Dataset excerpts:
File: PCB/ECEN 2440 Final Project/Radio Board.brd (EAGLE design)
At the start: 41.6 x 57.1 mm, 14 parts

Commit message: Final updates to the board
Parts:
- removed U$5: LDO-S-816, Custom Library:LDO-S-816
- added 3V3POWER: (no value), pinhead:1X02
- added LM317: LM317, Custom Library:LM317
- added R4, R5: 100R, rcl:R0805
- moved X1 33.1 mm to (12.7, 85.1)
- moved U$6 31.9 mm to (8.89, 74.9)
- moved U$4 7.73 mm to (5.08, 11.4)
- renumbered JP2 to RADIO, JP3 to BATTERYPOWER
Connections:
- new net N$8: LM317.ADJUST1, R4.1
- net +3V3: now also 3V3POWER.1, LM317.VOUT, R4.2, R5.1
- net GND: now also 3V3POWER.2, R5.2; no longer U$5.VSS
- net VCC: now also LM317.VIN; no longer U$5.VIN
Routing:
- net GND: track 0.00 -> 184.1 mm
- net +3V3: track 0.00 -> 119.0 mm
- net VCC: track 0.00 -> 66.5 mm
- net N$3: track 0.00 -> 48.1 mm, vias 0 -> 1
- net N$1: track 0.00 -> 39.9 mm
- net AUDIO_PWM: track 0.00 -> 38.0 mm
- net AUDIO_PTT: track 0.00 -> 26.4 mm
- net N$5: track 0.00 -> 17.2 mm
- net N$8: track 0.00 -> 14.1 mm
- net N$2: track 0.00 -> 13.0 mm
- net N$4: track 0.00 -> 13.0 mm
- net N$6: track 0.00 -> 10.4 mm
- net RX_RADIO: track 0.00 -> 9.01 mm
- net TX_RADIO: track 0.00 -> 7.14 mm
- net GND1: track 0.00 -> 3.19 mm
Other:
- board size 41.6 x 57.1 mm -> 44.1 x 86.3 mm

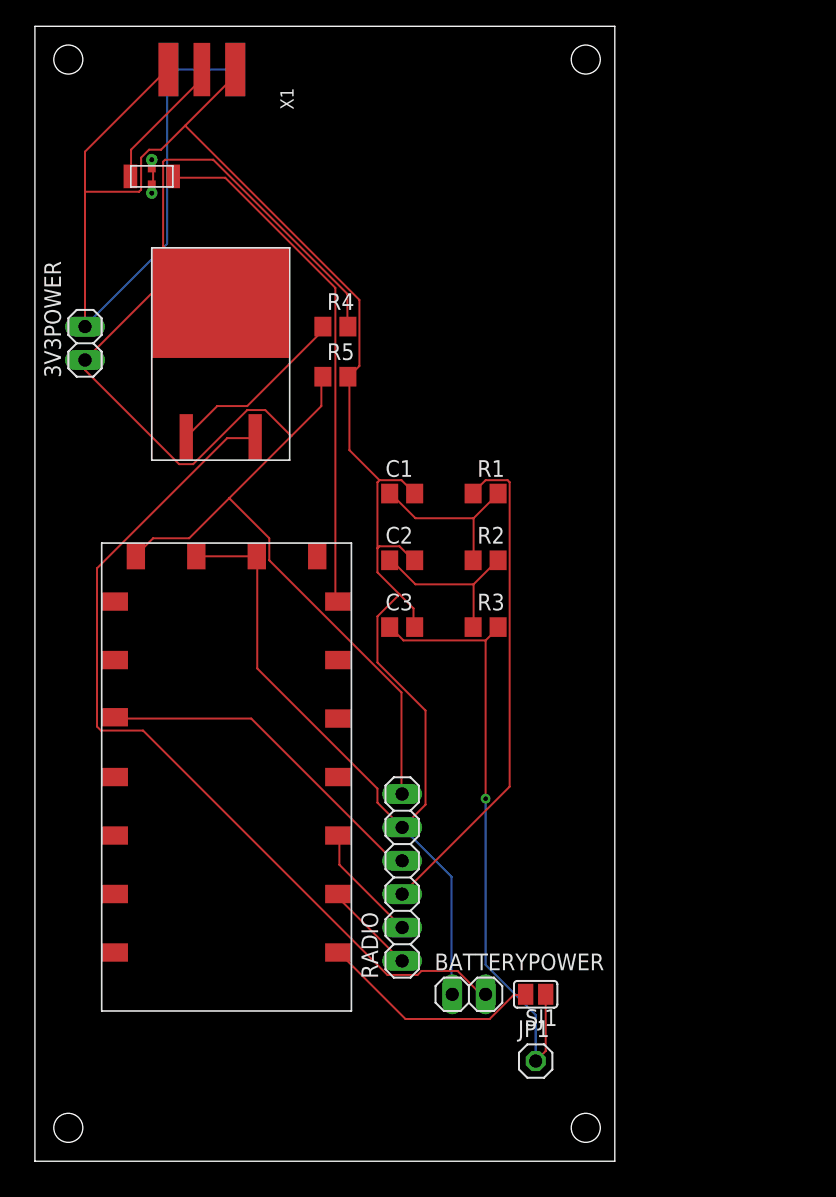
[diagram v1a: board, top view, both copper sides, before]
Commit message: radio board routing
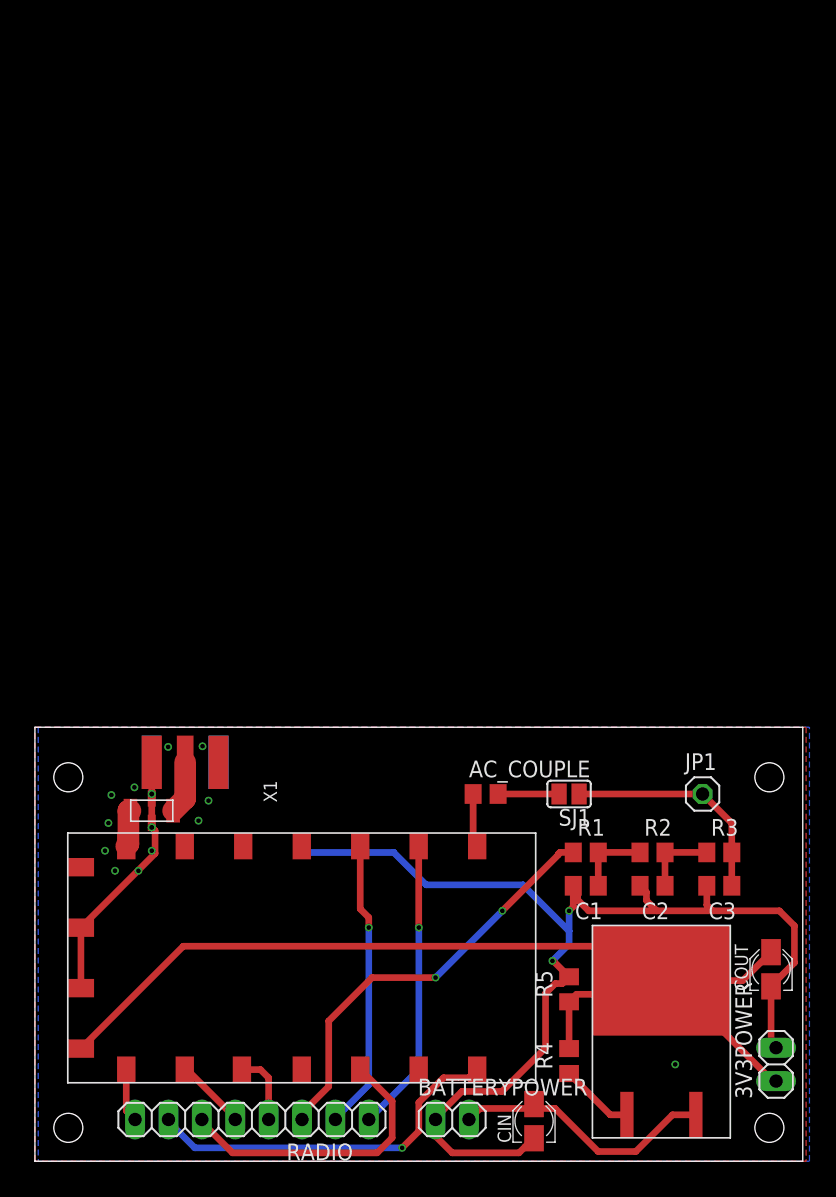
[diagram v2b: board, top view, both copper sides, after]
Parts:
- added AC_COUPLE: 1u, rcl:C0805
- added CIN: 100nF, rcl:PANASONIC_A
- added COUT: 1uF, rcl:PANASONIC_A
- R4: value 100R -> 220R
- R5: value 100R -> 470R
- RADIO: device pinhead:1X06 -> pinhead:1X08
- moved 3V3POWER 76.0 mm to (56.4, 7.37)
- moved LM317 61.5 mm to (42.4, 1.78)
- moved R4 58.6 mm to (40.6, 7.62), turned to 90 degrees
- moved X1 52.7 mm to (11.4, 32.4)
- moved R5 49.9 mm to (40.6, 13.1), turned to 90 degrees
- moved U$6 48.3 mm to (8.89, 26.7), turned to 0 degrees
- moved U$4 33.5 mm to (38.1, 5.97), turned to 90 degrees
- moved C1 33.0 mm to (41.9, 21.0), turned to 180 degrees
- moved C2 31.2 mm to (47.0, 21.0), turned to 180 degrees
- moved C3 31.1 mm to (52.1, 21.0), turned to 180 degrees
- moved R1 28.3 mm to (41.9, 23.5)
- moved R2 25.6 mm to (47.0, 23.5)
- moved R3 24.7 mm to (52.1, 23.5)
- moved JP1 24.0 mm to (50.8, 27.9)
- moved RADIO 21.7 mm to (16.5, 3.17), turned to 180 degrees
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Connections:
- removed net GND1: U$6.GND1, U$6.GND2, U$6.P$1, U$6.P$2
- new net AF_OUT: RADIO.6, U$4.AF_OUT
- new net H/L: RADIO.8, U$4.H/L
- new net N$7: AC_COUPLE.2, SJ1.2
- new net PD: RADIO.5, U$4.PD
- new net SQ: RADIO.7, U$4.SQ
- net +3V3: now also COUT.+; no longer RADIO.6
- net GND: now also CIN.-, COUT.-, U$6.GND1, U$6.GND2, U$6.P$1, U$6.P$2; no longer RADIO.5
- net N$5: now also AC_COUPLE.1; no longer SJ1.2
- net VCC: now also CIN.+
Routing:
- net GND: track 184.1 -> 111.8 mm, vias 0 -> 14
- net VCC: track 66.5 -> 20.6 mm
- net +3V3: track 119.0 -> 80.5 mm
- net N$1: track 39.9 -> 2.92 mm
- net N$3: track 48.1 -> 17.3 mm, vias 1 -> 0
- net SQ: track 0.00 -> 28.2 mm, vias 0 -> 1
- net AF_OUT: track 0.00 -> 22.3 mm
- net AUDIO_PTT: track 26.4 -> 5.46 mm
- net TX_RADIO: track 7.14 -> 22.4 mm, vias 0 -> 1
- net RX_RADIO: track 9.01 -> 22.1 mm, vias 0 -> 1
- net N$5: track 17.2 -> 4.10 mm
- net N$8: track 14.1 -> 5.70 mm
- net N$2: track 13.0 -> 5.72 mm
- net N$4: track 13.0 -> 5.72 mm
- net N$6: track 10.4 -> 4.06 mm
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- added copper zone on layer 1, net GND
- added copper zone on layer 16, net GND
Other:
- board size 44.1 x 86.3 mm -> 58.4 x 33 mm

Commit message: final (before review & order) dra818v breakout board
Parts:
- moved SJ1 3.56 mm to (44.2, 27.9)
- moved AC_COUPLE 2.03 mm to (36.3, 27.9)
- renumbered BATTERYPOWER to BATT
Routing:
- net GND: track 111.8 -> 119.5 mm
- net AUDIO_PWM: track 32.3 -> 35.2 mm
- net N$7: track 4.64 -> 6.16 mm
- net N$3: track 17.3 -> 15.9 mm
- net N$5: track 4.10 -> 5.30 mm
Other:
- board text added: "+"
- board text added: "aout"
- board text added: "h/l"
- board text added: "mic"
- board text added: "pd"
- board text added: "ptt"
- board text added: "rx"
- board text added: "sq"
- board text added: "tx"

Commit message: final (i hope) radio board
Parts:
- removed 3V3POWER: (no value), pinhead:1X02
- removed LM317: LM317, Custom Library:LM317
- added 4VPWR: (no value), pinhead:1X02
- added C4: 500n, rcl:C0805
- added CIN1, CIN2: (no value), rcl:PANASONIC_A
- added L1: (no value), rcl:L3225M
- added R6: 0R, rcl:R0805
- added R8, R9: (no value), rcl:R0805
- added U$1: BD00COAW, Custom Library:HRP5
- R4: value 220R -> 43k
- R5: value 470R -> 10k
- moved COUT 52.5 mm to (3.56, 17.7), turned to 180 degrees
- moved CIN 44.5 mm to (7.11, 35.1), turned to 270 degrees
- moved BATT 43.2 mm to (2.67, 35.1), turned to 270 degrees
- moved R4 41.0 mm to (2.54, 22.9), flipped to the bottom, turned to 180 degrees
- moved R5 40.5 mm to (2.54, 26.7), flipped to the bottom, turned to 180 degrees
- moved RADIO 21.6 mm to (38.1, 3.17)
- moved C3 17.2 mm to (34.9, 22.2), flipped to the bottom, turned to 0 degrees
- moved U$4 16.7 mm to (54.7, 7.37)
- moved U$6 15.2 mm to (23.6, 30.2), turned to 90 degrees
- moved AC_COUPLE 14.3 mm to (50.2, 31.4), turned to 90 degrees
- moved R3 13.5 mm to (38.7, 21.6), flipped to the bottom, turned to 90 degrees
- moved X1 13.3 mm to (23.6, 37.7)
- moved R1 12.5 mm to (38.7, 11.4), flipped to the bottom, turned to 90 degrees
- moved C2 12.3 mm to (35.2, 17.5), flipped to the bottom, turned to 0 degrees
- moved C1 11.4 mm to (34.5, 12.3), flipped to the bottom, turned to 0 degrees
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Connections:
- removed net +3V3: 3V3POWER.1, COUT.+, LM317.VOUT, R4.2, R5.1, U$4.VBAT
- new net ADJ: R4.2, R5.1, U$1.5
- new net GNDA: R6.1, U$6.GND1, U$6.GND2, U$6.P$1, U$6.P$2, X1.GND@1, X1.GND@2, X1.GND@3, X1.GND@4
- new net N$9: CIN1.+, R8.2
- new net V+: 4VPWR.1, C4.1, L1.2, R8.1, R9.1, U$4.VBAT
- new net VO: COUT.+, L1.1, R4.1, U$1.4
- net GND: now also 4VPWR.2, C4.2, CIN1.-, CIN2.-, R6.2, U$1.3, U$1.6; no longer 3V3POWER.2, U$6.GND1, U$6.GND2, U$6.P$1, U$6.P$2, X1.GND@1, X1.GND@2, X1.GND@3, X1.GND@4
- net N$8: now also CIN2.+, R9.2; no longer LM317.ADJUST1, R4.1
- net VCC: now also U$1.1, U$1.2; no longer LM317.VIN
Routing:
- net GND: track 119.5 -> 0.00 mm, vias 14 -> 10
- net +3V3: track 80.5 -> 0.00 mm
- net AUDIO_PWM: track 35.2 -> 8.62 mm, vias 2 -> 0
- net V+: track 0.00 -> 24.7 mm
- net VO: track 0.00 -> 16.6 mm, vias 0 -> 1
- net AF_OUT: track 22.3 -> 9.92 mm, vias 0 -> 1
- net ADJ: track 0.00 -> 10.1 mm, vias 0 -> 1
- net VCC: track 20.6 -> 11.0 mm
- net PD: track 5.49 -> 11.4 mm
- net AUDIO_PTT: track 5.46 -> 9.80 mm
- net H/L: track 4.07 -> 7.77 mm
- net N$8: track 5.70 -> 2.83 mm
- net N$9: track 0.00 -> 2.83 mm
- net SQ: track 28.2 -> 26.4 mm, vias 1 -> 0
- net N$3: track 15.9 -> 17.7 mm
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- added copper zone on layer 1, net GNDA
- added copper zone on layer 16, net GNDA
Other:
- board size 58.4 x 33 mm -> 58.4 x 38.1 mm

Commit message: final board maybe??
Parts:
- U$1: value BD00COAW -> BDXXC0A-CBD00C0AWHFP-CTR
- moved U$1 0.65 mm to (7.62, 25.7)
- moved CIN 0.65 mm to (6.48, 35.2)
- moved C4 0.52 mm to (16.4, 10.9)
- moved R9 0.52 mm to (8.76, 10.9)
- moved R8 0.52 mm to (12.6, 10.9)
- moved R6 0.38 mm to (16.3, 35.4)
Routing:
- net ADJ: track 10.1 -> 8.33 mm
- net AUDIO_PTT: track 9.80 -> 10.6 mm, vias 0 -> 1
- net V+: track 24.7 -> 24.1 mm
- net VCC: track 11.0 -> 10.4 mm
- net N$8: track 2.83 -> 3.39 mm
- net N$9: track 2.83 -> 3.39 mm
- net SQ: track 26.4 -> 25.9 mm
- net N$5: track 5.10 -> 4.60 mm
- net N$1: track 3.25 -> 2.75 mm

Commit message: naming
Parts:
- C1, C2, C3: value 500n -> (none)
- R1, R2, R3: value 100R -> 0R
- renumbered CIN1 to C5, CIN2 to C6
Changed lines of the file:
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@@
 <setting verticaltext="up"/>
 </settings>
-<grid distance="0.05" unitdist="inch" unit="mil" style="lines" multiple="1" display="yes" altdistance="5" altunitdist="mil" altunit="inch"/>
+<grid distance="0.05" unitdist="inch" unit="mm" style="lines" multiple="1" display="yes" altdistance="5" altunitdist="mil" altunit="inch"/>
 <layers>
 <layer number="1" name="Top" color="4" fill="1" visible="yes" active="yes"/>
@@
 </autorouter>
 <elements>
-<element name="C1" library="rcl" library_urn="urn:adsk.eagle:library:334" package="C0805" package3d_urn="urn:adsk.eagle:package:23617/2" value="500n" x="34.544" y="12.319" smashed="yes" rot="MR0">
+<element name="C1" library="rcl" library_urn="urn:adsk.eagle:library:334" package="C0805" package3d_urn="urn:adsk.eagle:package:23617/2" value="" x="34.544" y="12.319" smashed="yes" rot="MR0">
 <attribute name="NAME" x="35.814" y="13.589" size="1.27" layer="26" rot="MR0"/>
 <attribute name="POPULARITY" value="63" x="-2.286" y="-28.321" size="1.778" layer="28" rot="MR0" display="off"/>
@@
 <attribute name="VALUE" x="35.814" y="9.779" size="1.27" layer="28" rot="MR0"/>
 </element>
-<element name="C2" library="rcl" library_urn="urn:adsk.eagle:library:334" package="C0805" package3d_urn="urn:adsk.eagle:package:23617/2" value="500n" x="35.179" y="17.526" smashed="yes" rot="MR0">
+<element name="C2" library="rcl" library_urn="urn:adsk.eagle:library:334" package="C0805" package3d_urn="urn:adsk.eagle:package:23617/2" value="" x="35.179" y="17.526" smashed="yes" rot="MR0">
 <attribute name="NAME" x="36.449" y="18.796" size="1.27" layer="26" rot="MR0"/>
 <attribute name="POPULARITY" value="63" x="-8.001" y="-23.114" size="1.778" layer="28" rot="MR0" display="off"/>
@@
 <attribute name="VALUE" x="36.449" y="14.986" size="1.27" layer="28" rot="MR0"/>
 </element>
-<element name="C3" library="rcl" library_urn="urn:adsk.eagle:library:334" package="C0805" package3d_urn="urn:adsk.eagle:package:23617/2" value="500n" x="34.925" y="22.225" smashed="yes" rot="MR0">
+<element name="C3" library="rcl" library_urn="urn:adsk.eagle:library:334" package="C0805" package3d_urn="urn:adsk.eagle:package:23617/2" value="" x="34.925" y="22.225" smashed="yes" rot="MR0">
 <attribute name="NAME" x="36.195" y="23.495" size="1.27" layer="26" rot="MR0"/>
 <attribute name="POPULARITY" value="63" x="18.415" y="-24.765" size="1.778" layer="28" rot="MR0" display="off"/>
@@
 <attribute name="VALUE" x="45.72" y="6.35" size="1.27" layer="27" rot="R180"/>
 </element>
-<element name="R1" library="rcl" library_urn="urn:adsk.eagle:library:334" package="R0805" package3d_urn="urn:adsk.eagle:package:23553/2" value="100R" x="38.735" y="11.43" smashed="yes" rot="MR90">
+<element name="R1" library="rcl" library_urn="urn:adsk.eagle:library:334" package="R0805" package3d_urn="urn:adsk.eagle:package:23553/2" value="0R" x="38.735" y="11.43" smashed="yes" rot="MR90">
 <attribute name="NAME" x="40.005" y="10.795" size="1.27" layer="26" rot="MR90"/>
 <attribute name="POPULARITY" value="85" x="-1.905" y="29.21" size="1.778" layer="28" rot="MR90" display="off"/>
@@
 <attribute name="VALUE" x="36.195" y="10.795" size="1.27" layer="28" rot="MR90"/>
 </element>
-<element name="R2" library="rcl" library_urn="urn:adsk.eagle:library:334" package="R0805" package3d_urn="urn:adsk.eagle:package:23553/2" value="100R" x="38.735" y="16.51" smashed="yes" rot="MR90">
+<element name="R2" library="rcl" library_urn="urn:adsk.eagle:library:334" package="R0805" package3d_urn="urn:adsk.eagle:package:23553/2" value="0R" x="38.735" y="16.51" smashed="yes" rot="MR90">
 <attribute name="NAME" x="40.005" y="15.875" size="1.27" layer="26" rot="MR90"/>
 <attribute name="POPULARITY" value="85" x="-1.905" y="40.64" size="1.778" layer="28" rot="MR90" display="off"/>
@@
 <attribute name="VALUE" x="36.195" y="15.875" size="1.27" layer="28" rot="MR90"/>
 </element>
-<element name="R3" library="rcl" library_urn="urn:adsk.eagle:library:334" package="R0805" package3d_urn="urn:adsk.eagle:package:23553/2" value="100R" x="38.735" y="21.59" smashed="yes" rot="MR90">
+<element name="R3" library="rcl" library_urn="urn:adsk.eagle:library:334" package="R0805" package3d_urn="urn:adsk.eagle:package:23553/2" value="0R" x="38.735" y="21.59" smashed="yes" rot="MR90">
 <attribute name="NAME" x="40.005" y="20.955" size="1.27" layer="26" rot="MR90"/>
 <attribute name="POPULARITY" value="85" x="-1.905" y="52.07" size="1.778" layer="28" rot="MR90" display="off"/>
@@
 <attribute name="VALUE" x="11.303" y="10.287" size="1.27" layer="27" rot="R90"/>
 </element>
-<element name="CIN1" library="rcl" library_urn="urn:adsk.eagle:library:334" package="PANASONIC_A" package3d_urn="urn:adsk.eagle:package:23418/2" value="" x="12.7" y="16.51" smashed="yes" rot="R270">
+<element name="C5" library="rcl" library_urn="urn:adsk.eagle:library:334" package="PANASONIC_A" package3d_urn="urn:adsk.eagle:package:23418/2" value="" x="12.7" y="16.51" smashed="yes" rot="R270">
 <attribute name="NAME" x="14.45" y="18.16" size="1.016" layer="25" rot="R270"/>
 <attribute name="POPULARITY" value="1" x="12.7" y="16.51" size="1.778" layer="27" rot="R270" display="off"/>
@@
 <attribute name="VALUE" x="9.875" y="18.16" size="1.016" layer="27" rot="R270"/>
 </element>
-<element name="CIN2" library="rcl" library_urn="urn:adsk.eagle:library:334" package="PANASONIC_A" package3d_urn="urn:adsk.eagle:package:23418/2" value="" x="8.89" y="16.51" smashed="yes" rot="R270">
+<element name="C6" library="rcl" library_urn="urn:adsk.eagle:library:334" package="PANASONIC_A" package3d_urn="urn:adsk.eagle:package:23418/2" value="" x="8.89" y="16.51" smashed="yes" rot="R270">
 <attribute name="NAME" x="10.64" y="18.16" size="1.016" layer="25" rot="R270"/>
 <attribute name="POPULARITY" value="1" x="8.89" y="16.51" size="1.778" layer="27" rot="R270" display="off"/>
@@
 <contactref element="COUT" pad="-"/>
 <contactref element="4VPWR" pad="2"/>
-<contactref element="CIN2" pad="-"/>
-<contactref element="CIN1" pad="-"/>
+<contactref element="C6" pad="-"/>
+<contactref element="C5" pad="-"/>
 <contactref element="C4" pad="2"/>
 <via x="10.16" y="36.83" extent="1-16" drill="0.35"/>
@@
 <signal name="N$8">
 <contactref element="R9" pad="2"/>
-<contactref element="CIN2" pad="+"/>
+<contactref element="C6" pad="+"/>
 <wire x1="8.763" y1="15.083" x2="8.89" y2="15.21" width="0.889" layer="1"/>
 <wire x1="8.763" y1="15.083" x2="8.763" y2="11.872" width="0.889" layer="1"/>
@@
 <signal name="N$9">
 <contactref element="R8" pad="2"/>
-<contactref element="CIN1" pad="+"/>
+<contactref element="C5" pad="+"/>
 <wire x1="12.573" y1="15.083" x2="12.7" y2="15.21" width="0.889" layer="1"/>
 <wire x1="12.573" y1="15.083" x2="12.573" y2="11.872" width="0.889" layer="1"/>

PROBLEM: The answer should be an exact copy of the lines from the first line of the data through the line with "- net N$3: track 0.00 -> 48.1 mm, vias 0 -> 1" and should contain nothing else.

COMPLETED EXERCISE:
File: PCB/ECEN 2440 Final Project/Radio Board.brd (EAGLE design)
At the start: 41.6 x 57.1 mm, 14 parts

Commit message: Final updates to the board
Parts:
- removed U$5: LDO-S-816, Custom Library:LDO-S-816
- added 3V3POWER: (no value), pinhead:1X02
- added LM317: LM317, Custom Library:LM317
- added R4, R5: 100R, rcl:R0805
- moved X1 33.1 mm to (12.7, 85.1)
- moved U$6 31.9 mm to (8.89, 74.9)
- moved U$4 7.73 mm to (5.08, 11.4)
- renumbered JP2 to RADIO, JP3 to BATTERYPOWER
Connections:
- new net N$8: LM317.ADJUST1, R4.1
- net +3V3: now also 3V3POWER.1, LM317.VOUT, R4.2, R5.1
- net GND: now also 3V3POWER.2, R5.2; no longer U$5.VSS
- net VCC: now also LM317.VIN; no longer U$5.VIN
Routing:
- net GND: track 0.00 -> 184.1 mm
- net +3V3: track 0.00 -> 119.0 mm
- net VCC: track 0.00 -> 66.5 mm
- net N$3: track 0.00 -> 48.1 mm, vias 0 -> 1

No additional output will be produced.